I hope everything improves for you, in whichever way is best for you.

rattlenroll
01-02-2010, 13:39
Hi,
Sorry to hear of your loss. I also had a miscarriage over christmas it is a devistating thing to happen i was gutted. My news was also spread by gossip's in the school yard and i did tell people who i consider close friend's but i still don't know who "leaked" the info. This does make it hard when these event's happen as you then have to make it known to everyone that you are not pregnant anymore. In fact some people still think i'm pregnant i know for a fact but i think sooner or later they'll work it out.

Some of my friend's who have never been through a mc said really stupid thing's like, in the old day's you would just think your period was late. errrrrr 4 week's late?? i don't think so. Or Well you can look forward to trying again as if it does'nt matter or it was just a bunch of cells.All of these really upset me more.

The one's i found comfort in were people that had been through the same, people i did'nt expect and did'nt even know they had been through the same. I go on a forum for coping with miscarriage and it's really helped me be strong and other women that have been on the same boat if you want i'll pm you the address as i don't know if i'm allowed to put it on here.

Anne x

Fooman
01-02-2010, 18:07
We suffered a miscarriage back in May and I've got to say all our friends were very supportive. The worse were the doctors. When I went to the doctors initially I was told that it was so early the chances were I was going to miscarry so to go away and come back after 12 weeks, then unfortunately a few days later I did miscarry and went back to see another doctor who said it was just cells, not a baby so get on with it basically.

Survice to say we changed practice, 2 months later fell pregnant again and was so scared it was unbelievable and I am now 31 weeks pregnant.

It is hard, I will never forget those feelings of total dispair and pure guilt but take time to get over this. I've just gone past the due date of little one number 1 and it was hard. It will always have been my first child that I never had. Don't be afriad of being upset, of wanting to scream and wanting to shut yourself away.

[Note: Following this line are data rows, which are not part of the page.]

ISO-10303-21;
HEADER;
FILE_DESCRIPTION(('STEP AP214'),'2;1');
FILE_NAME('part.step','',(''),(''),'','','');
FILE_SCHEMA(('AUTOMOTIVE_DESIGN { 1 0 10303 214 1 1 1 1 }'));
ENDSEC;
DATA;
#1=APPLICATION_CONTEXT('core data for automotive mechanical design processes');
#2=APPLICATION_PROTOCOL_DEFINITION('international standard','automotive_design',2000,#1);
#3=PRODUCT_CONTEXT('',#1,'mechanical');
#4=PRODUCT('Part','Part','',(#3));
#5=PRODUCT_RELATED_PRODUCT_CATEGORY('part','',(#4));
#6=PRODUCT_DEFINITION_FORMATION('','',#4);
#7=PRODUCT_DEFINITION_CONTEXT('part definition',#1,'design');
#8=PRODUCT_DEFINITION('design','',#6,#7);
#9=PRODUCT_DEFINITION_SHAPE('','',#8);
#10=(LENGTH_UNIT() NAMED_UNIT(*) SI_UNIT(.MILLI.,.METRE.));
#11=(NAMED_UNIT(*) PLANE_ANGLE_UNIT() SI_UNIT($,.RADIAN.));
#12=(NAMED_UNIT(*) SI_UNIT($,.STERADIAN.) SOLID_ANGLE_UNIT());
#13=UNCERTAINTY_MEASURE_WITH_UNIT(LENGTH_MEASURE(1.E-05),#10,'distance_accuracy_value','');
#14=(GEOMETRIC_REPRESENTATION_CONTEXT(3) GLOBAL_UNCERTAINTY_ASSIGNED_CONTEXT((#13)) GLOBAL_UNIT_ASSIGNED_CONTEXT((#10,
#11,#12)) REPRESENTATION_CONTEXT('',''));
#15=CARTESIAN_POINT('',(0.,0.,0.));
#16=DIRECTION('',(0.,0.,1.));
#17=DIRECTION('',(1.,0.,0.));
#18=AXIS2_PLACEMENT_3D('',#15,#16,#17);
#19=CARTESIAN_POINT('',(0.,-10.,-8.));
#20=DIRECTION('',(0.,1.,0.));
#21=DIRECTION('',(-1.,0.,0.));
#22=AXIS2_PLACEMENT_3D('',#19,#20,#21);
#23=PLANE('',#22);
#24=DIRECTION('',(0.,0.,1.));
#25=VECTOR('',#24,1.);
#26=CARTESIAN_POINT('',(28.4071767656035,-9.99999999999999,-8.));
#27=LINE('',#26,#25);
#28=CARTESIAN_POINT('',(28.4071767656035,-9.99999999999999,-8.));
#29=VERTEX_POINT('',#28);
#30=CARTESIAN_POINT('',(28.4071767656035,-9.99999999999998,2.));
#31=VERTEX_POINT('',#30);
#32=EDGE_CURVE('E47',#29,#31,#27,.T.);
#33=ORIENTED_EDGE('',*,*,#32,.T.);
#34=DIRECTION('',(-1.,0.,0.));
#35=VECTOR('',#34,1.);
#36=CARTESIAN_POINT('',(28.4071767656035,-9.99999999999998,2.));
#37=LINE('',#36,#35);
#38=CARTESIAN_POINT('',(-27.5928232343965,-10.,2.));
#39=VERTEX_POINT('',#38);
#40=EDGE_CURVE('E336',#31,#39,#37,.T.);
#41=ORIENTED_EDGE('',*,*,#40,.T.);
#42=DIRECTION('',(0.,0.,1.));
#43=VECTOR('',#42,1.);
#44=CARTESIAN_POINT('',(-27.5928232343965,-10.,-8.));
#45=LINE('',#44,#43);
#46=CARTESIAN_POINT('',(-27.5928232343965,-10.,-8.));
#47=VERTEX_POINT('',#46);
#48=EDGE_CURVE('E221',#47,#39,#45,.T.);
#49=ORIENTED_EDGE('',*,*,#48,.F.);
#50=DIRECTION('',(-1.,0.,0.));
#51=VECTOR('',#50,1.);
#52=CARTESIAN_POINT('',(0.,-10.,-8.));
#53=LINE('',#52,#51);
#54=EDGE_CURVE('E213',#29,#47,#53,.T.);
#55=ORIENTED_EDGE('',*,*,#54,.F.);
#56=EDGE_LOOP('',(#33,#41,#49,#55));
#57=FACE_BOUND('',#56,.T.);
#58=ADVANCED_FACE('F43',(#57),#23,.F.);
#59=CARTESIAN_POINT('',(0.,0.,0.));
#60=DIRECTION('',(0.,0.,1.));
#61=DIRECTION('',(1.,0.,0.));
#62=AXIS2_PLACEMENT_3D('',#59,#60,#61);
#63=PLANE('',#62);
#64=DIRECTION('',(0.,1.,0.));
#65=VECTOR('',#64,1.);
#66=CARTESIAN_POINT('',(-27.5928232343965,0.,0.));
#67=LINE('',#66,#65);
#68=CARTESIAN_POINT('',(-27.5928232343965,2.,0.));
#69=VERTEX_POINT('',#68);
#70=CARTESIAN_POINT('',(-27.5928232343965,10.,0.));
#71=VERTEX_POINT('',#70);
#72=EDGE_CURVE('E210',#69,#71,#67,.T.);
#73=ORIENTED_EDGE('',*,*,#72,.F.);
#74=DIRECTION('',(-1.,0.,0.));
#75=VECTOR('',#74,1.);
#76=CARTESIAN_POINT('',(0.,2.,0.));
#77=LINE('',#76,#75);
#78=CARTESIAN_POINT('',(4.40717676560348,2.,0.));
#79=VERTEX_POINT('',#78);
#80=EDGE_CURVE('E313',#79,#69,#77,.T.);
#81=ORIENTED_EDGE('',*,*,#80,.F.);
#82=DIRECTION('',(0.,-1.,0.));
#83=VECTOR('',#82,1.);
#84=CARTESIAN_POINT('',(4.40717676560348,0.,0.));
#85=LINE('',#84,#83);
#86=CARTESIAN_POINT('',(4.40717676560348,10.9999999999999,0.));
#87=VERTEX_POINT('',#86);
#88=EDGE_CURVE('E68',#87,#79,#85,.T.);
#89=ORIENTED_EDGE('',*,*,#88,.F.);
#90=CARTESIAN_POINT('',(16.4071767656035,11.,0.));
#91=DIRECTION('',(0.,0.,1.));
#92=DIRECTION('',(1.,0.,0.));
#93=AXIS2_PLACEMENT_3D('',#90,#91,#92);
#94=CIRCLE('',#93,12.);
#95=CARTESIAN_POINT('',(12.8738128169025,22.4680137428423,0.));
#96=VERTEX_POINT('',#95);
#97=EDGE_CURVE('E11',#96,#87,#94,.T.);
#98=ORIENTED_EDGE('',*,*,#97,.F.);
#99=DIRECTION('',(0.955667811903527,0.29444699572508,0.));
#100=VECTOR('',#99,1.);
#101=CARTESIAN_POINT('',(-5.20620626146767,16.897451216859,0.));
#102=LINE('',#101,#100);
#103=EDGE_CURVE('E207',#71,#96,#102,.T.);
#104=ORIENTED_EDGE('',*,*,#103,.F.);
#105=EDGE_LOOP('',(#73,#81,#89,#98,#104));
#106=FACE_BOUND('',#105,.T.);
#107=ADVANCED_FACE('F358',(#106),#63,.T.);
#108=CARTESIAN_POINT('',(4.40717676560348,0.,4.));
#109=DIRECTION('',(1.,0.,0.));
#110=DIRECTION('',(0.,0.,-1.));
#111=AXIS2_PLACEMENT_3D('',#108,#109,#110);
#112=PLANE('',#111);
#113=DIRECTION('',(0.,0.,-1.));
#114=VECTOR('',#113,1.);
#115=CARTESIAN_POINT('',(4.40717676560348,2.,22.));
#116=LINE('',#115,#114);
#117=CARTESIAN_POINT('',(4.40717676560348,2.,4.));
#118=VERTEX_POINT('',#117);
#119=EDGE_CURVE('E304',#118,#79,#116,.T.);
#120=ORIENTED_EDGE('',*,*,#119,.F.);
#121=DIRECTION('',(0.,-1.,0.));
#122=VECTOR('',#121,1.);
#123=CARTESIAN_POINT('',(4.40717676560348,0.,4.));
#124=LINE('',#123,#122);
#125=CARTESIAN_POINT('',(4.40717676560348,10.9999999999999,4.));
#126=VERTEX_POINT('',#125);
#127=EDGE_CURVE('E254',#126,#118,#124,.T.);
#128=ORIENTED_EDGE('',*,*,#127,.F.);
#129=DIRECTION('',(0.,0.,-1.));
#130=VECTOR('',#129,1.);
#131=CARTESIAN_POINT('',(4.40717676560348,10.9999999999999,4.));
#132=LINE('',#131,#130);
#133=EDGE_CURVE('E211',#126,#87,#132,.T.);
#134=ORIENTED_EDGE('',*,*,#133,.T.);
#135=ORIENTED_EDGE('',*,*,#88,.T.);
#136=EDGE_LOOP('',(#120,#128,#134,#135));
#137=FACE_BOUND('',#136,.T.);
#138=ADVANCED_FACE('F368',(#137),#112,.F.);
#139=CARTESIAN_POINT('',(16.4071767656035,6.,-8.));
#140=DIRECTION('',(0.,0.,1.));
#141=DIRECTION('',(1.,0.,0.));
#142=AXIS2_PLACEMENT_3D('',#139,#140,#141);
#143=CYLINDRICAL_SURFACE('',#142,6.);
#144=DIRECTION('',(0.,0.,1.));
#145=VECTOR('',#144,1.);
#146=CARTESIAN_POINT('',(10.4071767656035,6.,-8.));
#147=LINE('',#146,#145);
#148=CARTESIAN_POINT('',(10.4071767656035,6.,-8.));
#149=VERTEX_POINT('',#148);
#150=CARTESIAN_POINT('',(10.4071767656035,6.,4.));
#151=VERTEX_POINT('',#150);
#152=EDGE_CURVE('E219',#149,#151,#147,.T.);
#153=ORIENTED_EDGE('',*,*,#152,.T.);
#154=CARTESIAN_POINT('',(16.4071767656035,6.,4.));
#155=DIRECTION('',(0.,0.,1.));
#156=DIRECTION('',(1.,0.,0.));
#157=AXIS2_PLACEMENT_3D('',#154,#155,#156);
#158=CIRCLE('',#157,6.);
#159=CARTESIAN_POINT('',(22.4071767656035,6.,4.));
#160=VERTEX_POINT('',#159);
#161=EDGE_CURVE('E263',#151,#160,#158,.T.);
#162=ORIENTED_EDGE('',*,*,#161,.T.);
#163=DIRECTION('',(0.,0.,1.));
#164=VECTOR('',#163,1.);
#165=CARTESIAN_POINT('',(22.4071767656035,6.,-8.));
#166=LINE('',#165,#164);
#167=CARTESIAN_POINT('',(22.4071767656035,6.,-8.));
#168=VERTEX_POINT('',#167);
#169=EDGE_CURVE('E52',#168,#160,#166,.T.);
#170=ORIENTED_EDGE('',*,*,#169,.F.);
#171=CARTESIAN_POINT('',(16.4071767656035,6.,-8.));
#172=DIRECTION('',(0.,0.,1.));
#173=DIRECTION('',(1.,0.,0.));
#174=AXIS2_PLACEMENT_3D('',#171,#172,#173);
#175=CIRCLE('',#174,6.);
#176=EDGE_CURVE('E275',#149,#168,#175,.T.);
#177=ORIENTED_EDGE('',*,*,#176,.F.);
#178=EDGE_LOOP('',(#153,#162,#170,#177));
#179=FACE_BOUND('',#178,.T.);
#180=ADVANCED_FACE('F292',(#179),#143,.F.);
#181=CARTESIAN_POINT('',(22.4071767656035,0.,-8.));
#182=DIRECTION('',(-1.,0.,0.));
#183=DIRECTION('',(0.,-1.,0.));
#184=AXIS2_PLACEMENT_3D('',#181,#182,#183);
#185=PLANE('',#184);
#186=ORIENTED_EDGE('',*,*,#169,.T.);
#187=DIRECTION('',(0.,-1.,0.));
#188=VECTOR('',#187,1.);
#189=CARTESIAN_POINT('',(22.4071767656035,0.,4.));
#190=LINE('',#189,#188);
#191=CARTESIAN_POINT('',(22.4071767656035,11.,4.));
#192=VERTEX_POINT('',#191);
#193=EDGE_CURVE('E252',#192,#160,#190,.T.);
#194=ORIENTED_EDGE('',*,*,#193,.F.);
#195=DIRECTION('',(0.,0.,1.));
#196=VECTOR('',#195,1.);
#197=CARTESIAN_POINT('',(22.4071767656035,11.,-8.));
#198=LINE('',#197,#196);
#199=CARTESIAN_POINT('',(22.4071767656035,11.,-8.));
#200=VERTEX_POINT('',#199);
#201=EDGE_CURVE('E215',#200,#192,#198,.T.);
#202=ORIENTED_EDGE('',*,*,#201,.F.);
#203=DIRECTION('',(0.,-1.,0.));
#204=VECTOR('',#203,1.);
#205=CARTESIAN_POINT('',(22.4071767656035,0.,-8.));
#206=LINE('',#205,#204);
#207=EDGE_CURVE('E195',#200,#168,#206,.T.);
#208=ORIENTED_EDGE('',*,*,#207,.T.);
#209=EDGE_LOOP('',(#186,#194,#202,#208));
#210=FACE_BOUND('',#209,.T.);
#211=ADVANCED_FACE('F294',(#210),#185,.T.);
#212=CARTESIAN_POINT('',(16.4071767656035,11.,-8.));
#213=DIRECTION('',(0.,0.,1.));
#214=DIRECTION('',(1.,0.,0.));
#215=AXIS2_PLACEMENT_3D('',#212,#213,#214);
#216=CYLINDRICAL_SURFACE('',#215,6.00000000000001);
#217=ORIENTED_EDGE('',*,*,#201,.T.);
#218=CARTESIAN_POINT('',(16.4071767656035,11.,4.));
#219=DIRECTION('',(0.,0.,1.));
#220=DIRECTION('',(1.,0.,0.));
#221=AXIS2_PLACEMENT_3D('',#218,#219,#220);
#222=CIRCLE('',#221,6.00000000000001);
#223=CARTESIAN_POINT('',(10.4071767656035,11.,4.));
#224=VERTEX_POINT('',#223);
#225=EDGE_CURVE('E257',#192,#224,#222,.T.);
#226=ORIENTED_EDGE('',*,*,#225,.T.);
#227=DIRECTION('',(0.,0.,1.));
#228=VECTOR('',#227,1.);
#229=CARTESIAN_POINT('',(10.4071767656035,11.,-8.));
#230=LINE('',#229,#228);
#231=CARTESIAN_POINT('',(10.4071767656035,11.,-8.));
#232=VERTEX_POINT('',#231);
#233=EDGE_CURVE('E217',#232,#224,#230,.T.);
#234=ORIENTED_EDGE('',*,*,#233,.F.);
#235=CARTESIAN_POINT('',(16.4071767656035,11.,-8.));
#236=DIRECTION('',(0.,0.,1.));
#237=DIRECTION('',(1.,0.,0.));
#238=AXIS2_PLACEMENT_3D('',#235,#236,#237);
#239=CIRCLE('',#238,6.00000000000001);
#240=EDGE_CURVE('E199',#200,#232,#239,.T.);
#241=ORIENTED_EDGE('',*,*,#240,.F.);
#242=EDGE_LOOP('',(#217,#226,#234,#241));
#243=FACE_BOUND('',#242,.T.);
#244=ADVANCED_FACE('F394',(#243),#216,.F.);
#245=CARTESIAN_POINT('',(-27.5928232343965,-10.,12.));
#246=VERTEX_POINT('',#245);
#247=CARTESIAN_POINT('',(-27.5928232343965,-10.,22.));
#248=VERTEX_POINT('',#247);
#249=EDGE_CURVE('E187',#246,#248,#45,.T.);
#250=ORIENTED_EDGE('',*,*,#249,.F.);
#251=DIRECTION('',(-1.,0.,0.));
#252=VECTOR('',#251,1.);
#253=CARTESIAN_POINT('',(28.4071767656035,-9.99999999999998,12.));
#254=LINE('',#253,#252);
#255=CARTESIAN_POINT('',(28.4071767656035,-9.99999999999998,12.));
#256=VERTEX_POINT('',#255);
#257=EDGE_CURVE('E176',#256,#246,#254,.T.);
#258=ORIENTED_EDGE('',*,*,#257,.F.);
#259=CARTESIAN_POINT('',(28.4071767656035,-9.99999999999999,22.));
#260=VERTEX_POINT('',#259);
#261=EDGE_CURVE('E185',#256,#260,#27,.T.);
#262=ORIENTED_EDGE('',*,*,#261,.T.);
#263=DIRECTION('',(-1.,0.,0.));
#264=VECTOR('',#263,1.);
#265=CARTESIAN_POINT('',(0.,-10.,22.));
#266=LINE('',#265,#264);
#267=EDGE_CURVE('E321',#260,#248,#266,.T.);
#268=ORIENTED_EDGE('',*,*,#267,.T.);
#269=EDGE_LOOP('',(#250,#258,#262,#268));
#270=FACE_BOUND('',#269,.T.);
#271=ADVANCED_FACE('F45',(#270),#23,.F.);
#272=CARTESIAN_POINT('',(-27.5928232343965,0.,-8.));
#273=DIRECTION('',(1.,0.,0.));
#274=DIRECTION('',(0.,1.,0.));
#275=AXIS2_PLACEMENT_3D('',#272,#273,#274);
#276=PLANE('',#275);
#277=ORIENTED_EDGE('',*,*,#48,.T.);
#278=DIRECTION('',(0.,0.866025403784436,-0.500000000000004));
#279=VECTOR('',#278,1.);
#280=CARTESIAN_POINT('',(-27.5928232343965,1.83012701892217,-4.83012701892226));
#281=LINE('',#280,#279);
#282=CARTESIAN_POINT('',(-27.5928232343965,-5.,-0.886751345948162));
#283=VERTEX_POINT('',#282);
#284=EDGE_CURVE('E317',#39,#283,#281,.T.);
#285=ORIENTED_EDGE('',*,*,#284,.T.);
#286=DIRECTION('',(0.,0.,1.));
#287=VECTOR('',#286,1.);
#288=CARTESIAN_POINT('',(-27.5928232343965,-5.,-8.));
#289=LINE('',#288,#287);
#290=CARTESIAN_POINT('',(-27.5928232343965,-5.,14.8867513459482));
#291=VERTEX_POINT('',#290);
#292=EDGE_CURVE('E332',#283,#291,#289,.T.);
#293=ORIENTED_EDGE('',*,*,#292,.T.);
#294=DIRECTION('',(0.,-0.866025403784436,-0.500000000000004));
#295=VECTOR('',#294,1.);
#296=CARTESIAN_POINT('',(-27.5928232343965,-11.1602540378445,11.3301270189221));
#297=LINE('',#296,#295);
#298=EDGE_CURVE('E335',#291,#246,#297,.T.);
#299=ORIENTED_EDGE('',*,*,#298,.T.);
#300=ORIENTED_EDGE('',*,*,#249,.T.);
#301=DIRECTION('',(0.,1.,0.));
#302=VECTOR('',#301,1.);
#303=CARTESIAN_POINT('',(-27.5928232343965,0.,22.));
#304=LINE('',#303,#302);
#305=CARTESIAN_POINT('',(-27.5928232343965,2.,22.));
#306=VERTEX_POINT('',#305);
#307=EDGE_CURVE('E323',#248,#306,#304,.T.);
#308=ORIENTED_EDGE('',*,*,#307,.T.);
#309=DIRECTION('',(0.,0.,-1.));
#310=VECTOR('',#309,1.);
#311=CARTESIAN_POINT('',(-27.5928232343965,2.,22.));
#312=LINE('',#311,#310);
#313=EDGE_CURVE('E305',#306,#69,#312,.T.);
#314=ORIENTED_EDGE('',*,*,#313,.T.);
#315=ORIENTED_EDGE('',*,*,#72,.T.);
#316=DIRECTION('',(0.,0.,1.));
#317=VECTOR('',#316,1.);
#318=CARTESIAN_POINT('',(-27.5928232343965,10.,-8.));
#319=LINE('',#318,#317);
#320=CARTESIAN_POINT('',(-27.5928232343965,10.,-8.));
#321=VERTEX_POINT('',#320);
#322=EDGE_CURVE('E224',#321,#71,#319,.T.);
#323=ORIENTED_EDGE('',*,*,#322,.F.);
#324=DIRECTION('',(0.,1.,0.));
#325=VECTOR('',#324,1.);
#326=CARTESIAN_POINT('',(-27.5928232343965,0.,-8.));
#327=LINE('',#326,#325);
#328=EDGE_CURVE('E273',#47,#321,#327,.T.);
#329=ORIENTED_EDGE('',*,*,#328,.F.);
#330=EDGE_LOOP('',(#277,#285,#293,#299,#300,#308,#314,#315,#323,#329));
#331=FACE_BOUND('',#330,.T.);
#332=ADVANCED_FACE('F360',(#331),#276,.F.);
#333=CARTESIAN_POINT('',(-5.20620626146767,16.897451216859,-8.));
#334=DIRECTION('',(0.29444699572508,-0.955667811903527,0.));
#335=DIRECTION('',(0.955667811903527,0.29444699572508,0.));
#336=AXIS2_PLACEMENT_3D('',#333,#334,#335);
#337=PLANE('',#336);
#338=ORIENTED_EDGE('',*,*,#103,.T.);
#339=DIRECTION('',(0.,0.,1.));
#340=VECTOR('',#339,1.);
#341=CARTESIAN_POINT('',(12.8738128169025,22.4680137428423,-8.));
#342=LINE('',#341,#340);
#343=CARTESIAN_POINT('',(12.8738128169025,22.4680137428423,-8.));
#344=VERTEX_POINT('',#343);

Give yourself a break and don't build up the guilt. As to so called friends, its times like this when you realise who your friends are and who they aren't and what actually is important xxx

Starlet83
01-02-2010, 20:05
I have had some fantastic support from people I hardly know.

I thought these other people were my friends.

Thank you all for taking the time to reply. It helps so much knowing other people have been through the same.

I have just been chatting with my OH. It feels a bit like it is all happening to someone else and Im just looking in on it all. I do feel a bit better than i did I think it will just take time.